Since your power supply spec is 12V, you'll need a larger Henry value than 420 uH, and a proportionally smaller Farad value. For a simplified schematic, here an op amp sends more than 1 Ampere through the series LC. A mere .07 ohm resistor can detect zero crossings, generating 0.1V swing. This is sufficient to cause a change of state from the op amp's output.

View attachment 144244

However the above is only theory and I suspect that it breaks down somewhere. My simulation develops half a million volts across the coil and the same across the capacitor!
I doubt that happens in real life. Only experimentation can confirm what is or is not possible.

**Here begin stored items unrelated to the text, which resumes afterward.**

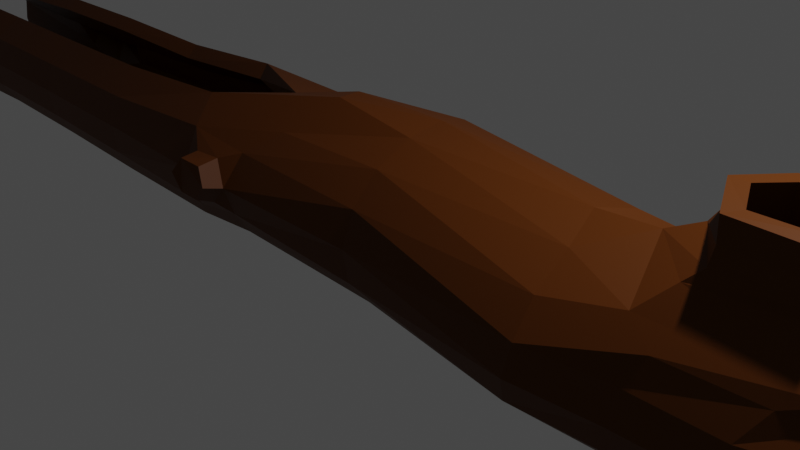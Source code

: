 # Source: Dump.blend  (saved by Blender 2.80.75; exported with 4.5.12 LTS)
import bpy
from mathutils import Matrix  # noqa: F401  (used for matrix-valued properties, if any)

bpy.ops.wm.read_factory_settings(use_empty=True)
scene = bpy.context.scene
scene.name = 'Scene'

# ---- collections
col_collection = bpy.data.collections.new('Collection'); scene.collection.children.link(col_collection)

# ---- materials (node trees are filled in below, after node groups)
mat_material_001 = bpy.data.materials.new('Material.001')
mat_material_001.use_transparent_shadow = False

# ---- material node trees
mat_material_001.use_nodes = True; mat_material_001.node_tree.nodes.clear()
_N = mat_material_001.node_tree.nodes; _L = mat_material_001.node_tree.links
n0 = _N.new('ShaderNodeOutputMaterial'); n0.name = 'Material Output'; n0.location = (300, 300)
n1 = _N.new('ShaderNodeBsdfPrincipled'); n1.name = 'Principled BSDF'; n1.location = (10, 300)
n1.distribution = 'GGX'
n1.subsurface_method = 'BURLEY'
n1.inputs[0].default_value = (0.09084, 0.02482, 0.002858, 1.0)
n1.inputs[3].default_value = 1.45
n1.inputs[13].default_value = 0.1083
n1.inputs[27].default_value = (0.0, 0.0, 0.0, 1.0)
n1.inputs[28].default_value = 1.0
_L.new(n1.outputs[0], n0.inputs[0])
n0.is_active_output = True

# ---- world
world_world = bpy.data.worlds.new('World'); scene.world = world_world
world_world.use_nodes = True; world_world.node_tree.nodes.clear()
_N = world_world.node_tree.nodes; _L = world_world.node_tree.links
n0 = _N.new('ShaderNodeOutputWorld'); n0.name = 'World Output'; n0.location = (300, 300)
n1 = _N.new('ShaderNodeBackground'); n1.name = 'Background'; n1.location = (10, 300)
n1.inputs[0].default_value = (0.05088, 0.05088, 0.05088, 1.0)
_L.new(n1.outputs[0], n0.inputs[0])
n0.is_active_output = True
world_world.color = (0.05088, 0.05088, 0.05088)
world_world.use_sun_shadow = False
world_world.sun_shadow_jitter_overblur = 0.0

# ---- cameras
cam_camera = bpy.data.cameras.new('Camera')
cam_camera.clip_end = 100.0
cam_camera.ortho_scale = 7.314

# ---- lights
light_light = bpy.data.lights.new('Light', 'POINT')
light_light.transmission_factor = 0.0
light_light.energy = 1000.0
light_light.shadow_soft_size = 0.1
light_light.shadow_maximum_resolution = 0.006
light_light.use_absolute_resolution = True

# ---- meshes
me_cylinder = bpy.data.meshes.new('Cylinder')
me_cylinder.from_pydata([(-0.07245, 1.06, -9.19), (0.07891, 0.9306, 9.301), (0.2905, 1.057, -9.144), (0.4109, 0.8287, 9.292), (0.6011, 0.7419, -9.229), (0.6926, 0.5839, 9.284), (0.7736, 0.4086, -9.256), (0.8576, 0.2364, 9.276), (0.8164, 0.05328, -9.266), (0.8686, -0.153, 9.266), (0.712, -0.2902, -9.275), (0.7182, -0.5092, 9.26), (0.4767, -0.561, -9.282), (0.4653, -0.6765, 9.273), (0.1509, -0.7101, -9.285), (0.09088, -0.6288, 9.304), (-0.2428, -0.6832, -8.939), (-0.3433, -0.6977, 9.301), (-0.5666, -0.5645, 9.309), (-0.7488, -0.2526, 9.326), (-0.8517, 0.01663, -8.916), (-0.8031, 0.09906, 9.333), (-0.8134, 0.3905, -9.264), (-0.7287, 0.4369, 9.331), (-0.5665, 0.6048, -9.325), (-0.5375, 0.7134, 9.322), (-0.3343, 0.8533, -9.289), (-0.2548, 0.888, 9.311), (-0.05427, 1.175, -7.174), (0.006998, 1.159, -5.799), (0.01723, 0.9643, -4.223), (0.03865, 0.915, -2.79), (-0.373, 0.8382, 0.4084), (-0.1188, 0.7868, 2.572), (-0.03364, 0.7844, 4.52), (-0.3727, 0.6565, 5.822), (-0.1719, 0.8675, 7.717), (0.1786, 0.7835, 7.697), (0.0629, 0.8447, 5.802), (0.297, 0.7624, 4.331), (0.2869, 0.7368, 2.494), (0.2918, 0.6313, -0.1271), (0.4099, 0.8339, -2.756), (0.3499, 0.8845, -4.297), (0.325, 1.025, -5.904), (0.3107, 0.9913, -7.3), (0.4743, 0.5713, 7.676), (0.6479, 0.6513, 6.022), (0.6413, 0.5767, 4.302), (0.6589, 0.5394, 2.433), (0.6947, 0.5908, -2.707), (0.6225, 0.665, -4.374), (0.591, 0.726, -6.013), (0.6251, 0.7249, -7.466), (0.6629, 0.2632, 7.658), (0.8135, 0.2528, 6.001), (0.8915, 0.2805, 4.295), (0.9319, 0.2226, 2.395), (0.6195, 0.2947, 0.1357), (0.8604, 0.2361, -2.615), (0.8102, 0.3425, -4.333), (0.7736, 0.4086, -6.024), (0.7454, 0.4244, -7.64), (0.7078, -0.09011, 7.647), (0.8544, -0.1002, 6.002), (1.012, -0.07737, 4.307), (1.063, -0.1592, 2.367), (0.8771, -0.2144, 0.3458), (0.885, -0.1653, -2.496), (0.8602, -0.02791, -4.272), (0.8164, 0.05328, -6.014), (0.7882, 0.07828, -7.64), (0.5931, -0.4241, 7.638), (0.7511, -0.4367, 6.005), (0.9846, -0.4375, 4.337), (1.047, -0.5567, 2.414), (0.8044, -0.5623, 0.2982), (0.7545, -0.3847, -4.214), (0.712, -0.2902, -6.005), (0.6876, -0.257, -7.64), (0.3401, -0.6737, 7.635), (0.5214, -0.7021, 6.018), (0.8116, -0.7412, 4.38), (0.8838, -0.9044, 2.517), (0.5533, -0.8396, 0.2846), (0.3256, -0.9885, -2.114), (0.5083, -0.6654, -4.169), (0.4767, -0.561, -5.998), (0.459, -0.5217, -7.64), (-0.001213, -0.7895, 7.639), (0.1988, -0.862, 6.045), (0.5084, -0.9311, 4.434), (0.5856, -1.118, 2.598), (0.1767, -0.9805, 0.2875), (0.1648, -0.8191, -4.142), (0.1509, -0.7101, -5.995), (0.1419, -0.6675, -7.64), (-0.3633, -0.7548, 7.65), (-0.179, -0.8871, 6.075), (0.172, -0.9971, 4.62), (0.1732, -1.13, 2.584), (-0.2608, -0.9477, 0.2927), (-0.3297, -0.8595, -2.536), (-0.2493, -0.7823, -4.232), (-0.2498, -0.6898, -5.933), (-0.2517, -0.6522, -7.434), (-0.6846, -0.5813, 7.664), (-0.5529, -0.7727, 6.097), (-0.2999, -0.9547, 2.556), (-0.6851, -0.7398, 0.283), (-0.7078, -0.6071, -1.602), (-0.9125, -0.3072, 7.684), (-0.8561, -0.5353, 6.108), (-0.4428, -1.094, 4.692), (-0.7341, -0.6345, 2.394), (-1.024, -0.3845, 0.2311), (-0.711, -0.6029, -1.603), (-1.015, 0.01964, 7.706), (-1.028, -0.2119, 6.111), (-0.9818, 0.1023, 4.66), (-0.9199, -0.2862, 2.561), (-1.2, 0.05045, 0.109), (-0.9722, -0.2081, -2.729), (-0.9054, -0.05231, -4.322), (-0.9203, -0.04782, -5.929), (-0.9045, -0.02587, -7.407), (-0.9768, 0.3489, 7.723), (-1.03, 0.1456, 6.111), (-0.8328, 0.4566, 4.732), (-0.8494, 0.3126, 2.506), (-1.002, 0.5412, 0.3276), (-1.009, 0.262, -2.67), (-0.8854, 0.3537, -4.287), (-0.8216, 0.7979, -7.253), (-0.8221, 0.8545, -6.56), (-0.8035, 0.6285, 7.729), (-0.8524, 0.4786, 6.11), (-0.6713, 0.6232, 4.765), (-0.7274, 0.5814, -2.706), (-0.6712, 0.671, -4.253), (-0.8533, 0.3914, -6.35), (-0.834, 0.4065, -7.483), (-0.5199, 0.812, 7.727), (-0.353, 0.8489, 5.778), (-0.3701, 0.6719, 4.694), (-0.6701, 0.6773, 2.326), (-0.6981, 0.4693, 1.068), (-0.3675, 0.8213, -2.793), (-0.3453, 0.887, -4.217), (-0.8839, 0.7346, -6.622), (-0.4322, 0.8605, -6.75), (-0.4063, 0.9902, 5.49), (0.06103, 0.8437, 5.458), (0.6337, 0.5698, 5.155), (0.8525, 0.2666, 5.148), (0.9331, -0.08878, 5.155), (0.8678, -0.4371, 5.171), (0.6665, -0.7217, 5.199), (0.3536, -0.8965, 5.239), (-0.03341, -0.9239, 5.285), (-0.4358, -0.7902, 5.309), (-0.7949, -0.4738, 5.274), (-0.9477, -0.185, 5.354), (-0.9601, 0.1721, 5.343), (-0.7979, 0.4907, 5.318), (-0.3339, 0.9276, 5.546), (0.0634, 0.8414, 5.458), (0.06136, 0.8469, 5.802), (-0.5421, 0.7174, 6.16), (-0.4981, 0.7645, 5.222), (-0.06108, 0.7552, 5.312), (-0.1008, 0.8708, 5.978), (0.2643, 0.7935, 5.989), (0.3174, 0.7687, 5.168), (-0.2131, 1.193, 5.45), (-0.2156, 1.199, 5.853), (-0.3385, 1.163, 5.533), (-0.3402, 1.166, 5.797), (-0.08521, 1.176, 5.502), (-0.08683, 1.18, 5.777), (-0.1035, 0.7994, 3.605), (0.2926, 0.7514, 3.54), (0.6489, 0.5606, 3.497), (0.9089, 0.2555, 3.476), (1.034, -0.1126, 3.472), (1.006, -0.4826, 3.475), (0.8281, -0.7939, 3.48), (0.516, -0.9865, 3.493), (0.2097, -1.079, 3.66), (-0.3728, -1.102, 3.629), (-0.965, 0.002477, 3.566), (-0.8394, 0.3796, 3.544), (-0.6767, 0.5924, 3.631), (-0.3827, 0.7189, 3.611), (-0.05685, -1.016, 5.048), (-0.9825, 0.115, 4.684), (-0.02813, -1.099, 3.365), (-0.9768, -0.00547, 3.555), (-0.9839, -0.4234, 5.133), (-0.914, 0.2363, 4.809), (-0.7649, -0.6975, 3.083), (-0.9377, 0.1434, 3.22), (-1.261, -0.9721, 4.963), (-1.261, -1.012, 3.531), (-0.8928, -1.366, 4.591), (-0.8884, -1.39, 3.802), (-1.548, -0.5818, 4.695), (-1.548, -0.6116, 3.836), (-1.163, -0.3068, 3.772), (-1.315, -0.4558, 3.821), (-1.324, -0.4111, 4.648), (-1.18, -0.2443, 4.648), (-0.5343, -1.142, 3.782), (-0.7014, -1.229, 3.808), (-1.05, -0.8532, 3.535), (-0.9321, -0.7661, 3.431), (-0.9216, -0.6421, 4.948), (-1.065, -0.7872, 4.92), (-0.7145, -1.19, 4.576), (-0.5562, -1.086, 4.595), (-0.1123, 0.7006, -1.563), (0.3041, 0.5272, -0.9561), (0.6108, 0.2323, -1.162), (0.8349, -0.1825, -1.671), (0.3033, -0.9831, -1.773), (-0.2377, -0.8699, -1.174), (-0.8114, -0.7346, -0.8295), (-0.9864, -0.4865, -0.8777), (-0.9942, 0.03755, -1.186), (-0.9278, 0.3781, -1.191), (-0.8227, 0.652, -1.268), (-0.4597, 0.6714, -1.303), (0.7313, -0.705, -1.808), (0.749, -0.7115, -2.127), (0.1401, -0.931, -1.519), (0.08997, -0.9519, -2.38), (0.7409, -0.5281, -1.635), (0.8119, -0.403, -2.339), (0.5593, -0.8724, -1.591), (0.5515, -0.8444, -2.35), (0.6586, -1.069, -1.647), (0.655, -1.099, -2.186), (0.4784, -1.149, -1.775), (0.4778, -1.171, -2.068), (0.7958, -0.9356, -1.821), (0.7942, -0.9491, -2.069), (-0.8408, 0.4039, -6.029), (-0.8242, 0.4181, -7.636), (-0.7703, 0.8812, -6.993), (-0.8707, 0.6822, -7.069), (-0.6361, 0.7604, -6.193), (-0.629, 0.7258, -7.492), (-0.3534, 1.016, -5.871), (-0.2872, 1.092, -6.976), (0.02405, 0.6709, 0.5538), (0.2019, 0.7157, -1.696), (0.4189, 0.4431, 0.3529), (0.7475, 0.1335, 0.4409), (0.5145, 0.5155, -1.483), (0.7614, 0.1747, -1.683), (-0.9029, 0.183, 2.626), (-1.168, 0.4684, -0.01735), (-0.7443, 0.4531, 2.77), (-0.9695, 0.7679, -0.00525), (-0.4871, 0.6964, 2.639), (-0.7003, 0.8859, 0.1827)], [], [(36, 1, 3, 37), (37, 3, 5, 46), (46, 5, 7, 54), (54, 7, 9, 63), (63, 9, 11, 72), (72, 11, 13, 80), (80, 13, 15, 89), (89, 15, 17, 97), (97, 17, 18, 106), (106, 18, 19, 111), (111, 19, 21, 117), (117, 21, 23, 126), (126, 23, 25, 135), (135, 25, 27, 142), (142, 27, 1, 36), (26, 253, 28, 0), (253, 252, 29, 28), (252, 148, 30, 29), (148, 147, 31, 30), (231, 265, 32, 220), (265, 264, 33, 32), (193, 144, 34, 180), (168, 142, 36, 171), (24, 251, 253, 26), (150, 250, 252, 253), (250, 139, 148, 252), (139, 138, 147, 148), (230, 263, 265, 231), (192, 137, 144, 193), (164, 136, 168, 169), (136, 135, 142, 168), (22, 247, 251, 24), (249, 149, 134, 133), (246, 132, 139, 250), (132, 131, 138, 139), (229, 261, 263, 230), (191, 128, 137, 192), (163, 127, 136, 164), (127, 126, 135, 136), (20, 125, 247, 22), (125, 124, 246, 247), (124, 123, 132, 246), (123, 122, 131, 132), (228, 121, 261, 229), (121, 120, 260, 261), (201, 199, 128, 191), (162, 118, 127, 163), (118, 117, 126, 127), (227, 115, 121, 228), (115, 114, 120, 121), (197, 195, 119, 190), (161, 112, 118, 162), (112, 111, 117, 118), (226, 109, 115, 227), (109, 108, 114, 115), (198, 216, 219, 113, 194), (160, 107, 112, 161), (107, 106, 111, 112), (225, 101, 109, 226), (101, 100, 108, 109), (188, 99, 194, 196), (159, 98, 107, 160), (98, 97, 106, 107), (14, 96, 105, 16), (96, 95, 104, 105), (95, 94, 103, 104), (94, 235, 102, 103), (234, 93, 101, 225), (93, 92, 100, 101), (187, 91, 99, 188), (158, 90, 98, 159), (90, 89, 97, 98), (12, 88, 96, 14), (88, 87, 95, 96), (87, 86, 94, 95), (86, 239, 235, 94), (238, 84, 93, 234), (84, 83, 92, 93), (186, 82, 91, 187), (157, 81, 90, 158), (81, 80, 89, 90), (10, 79, 88, 12), (79, 78, 87, 88), (78, 77, 86, 87), (77, 237, 239, 86), (236, 76, 84, 238), (76, 75, 83, 84), (185, 74, 82, 186), (156, 73, 81, 157), (73, 72, 80, 81), (8, 71, 79, 10), (71, 70, 78, 79), (70, 69, 77, 78), (69, 68, 237, 77), (223, 67, 76, 236), (67, 66, 75, 76), (184, 65, 74, 185), (155, 64, 73, 156), (64, 63, 72, 73), (6, 62, 71, 8), (62, 61, 70, 71), (61, 60, 69, 70), (60, 59, 68, 69), (259, 257, 67, 223), (257, 57, 66, 67), (183, 56, 65, 184), (154, 55, 64, 155), (55, 54, 63, 64), (4, 53, 62, 6), (53, 52, 61, 62), (52, 51, 60, 61), (51, 50, 59, 60), (256, 49, 57, 257), (182, 48, 56, 183), (153, 47, 55, 154), (47, 46, 54, 55), (2, 45, 53, 4), (45, 44, 52, 53), (44, 43, 51, 52), (43, 42, 50, 51), (254, 40, 49, 256), (181, 39, 48, 182), (173, 172, 47, 153), (172, 37, 46, 47), (0, 28, 45, 2), (28, 29, 44, 45), (29, 30, 43, 44), (30, 31, 42, 43), (220, 32, 254, 255), (32, 33, 40, 254), (180, 34, 39, 181), (166, 167, 38, 152), (171, 36, 37, 172), (34, 170, 173, 39), (39, 173, 153, 48), (48, 153, 154, 56), (56, 154, 155, 65), (65, 155, 156, 74), (74, 156, 157, 82), (82, 157, 158, 91), (91, 158, 159, 99), (99, 159, 160, 194), (194, 160, 161, 198), (35, 177, 176, 151, 165, 143), (199, 162, 163, 128), (128, 163, 164, 137), (137, 164, 169, 144), (144, 169, 170, 34), (35, 143, 168, 171), (143, 165, 169, 168), (165, 151, 170, 169), (166, 170, 174, 178), (38, 167, 171, 172), (152, 38, 172, 173), (166, 152, 173, 170), (35, 171, 175, 177), (171, 167, 179, 175), (167, 166, 178, 179), (170, 151, 176, 174), (33, 180, 181, 40), (40, 181, 182, 49), (49, 182, 183, 57), (57, 183, 184, 66), (66, 184, 185, 75), (75, 185, 186, 83), (83, 186, 187, 92), (92, 187, 188, 100), (100, 188, 196, 108), (108, 196, 200, 114), (114, 200, 201, 120), (120, 201, 191, 260), (260, 191, 192, 262), (262, 192, 193, 264), (264, 193, 180, 33), (119, 195, 198, 161, 162, 199), (214, 213, 205, 203), (189, 200, 196), (210, 209, 207, 206), (190, 119, 199, 201), (197, 190, 201, 200), (209, 214, 203, 207), (218, 217, 202, 204), (217, 210, 206, 202), (213, 218, 204, 205), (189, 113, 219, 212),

Thanks for the info. Brad. Half a million volts! I guess that is theoretical of course. At the moment I am using a single transistor in cutoff / saturation to switch my square wave and supply ~ 1A through my coil. I've had to put a 10 Ohm resistor high wattage in series with the coil to limit the current to 1A with a 12V supply. Check my schoolboy knowledge - Could I have biased the transistor to limit the load current without the need for a resistor? Then the transistor would be dissipating around 12W whereas the resistor is doing that now and the transistor is switching and not working so hard.

This has highlighted a new query : I have a very low voltage across my coil as nearly all the volts are dropped across my resistor. Does this matter for the production of magnetic flux around the coil? I presume the current flowing through the coil is the key thing? If I had a high impedance source and used a higher voltage and lower current would that make any difference to the flux?
 

A unit which expresses flux intensity is Webers. Calculated as Henries * Amperes.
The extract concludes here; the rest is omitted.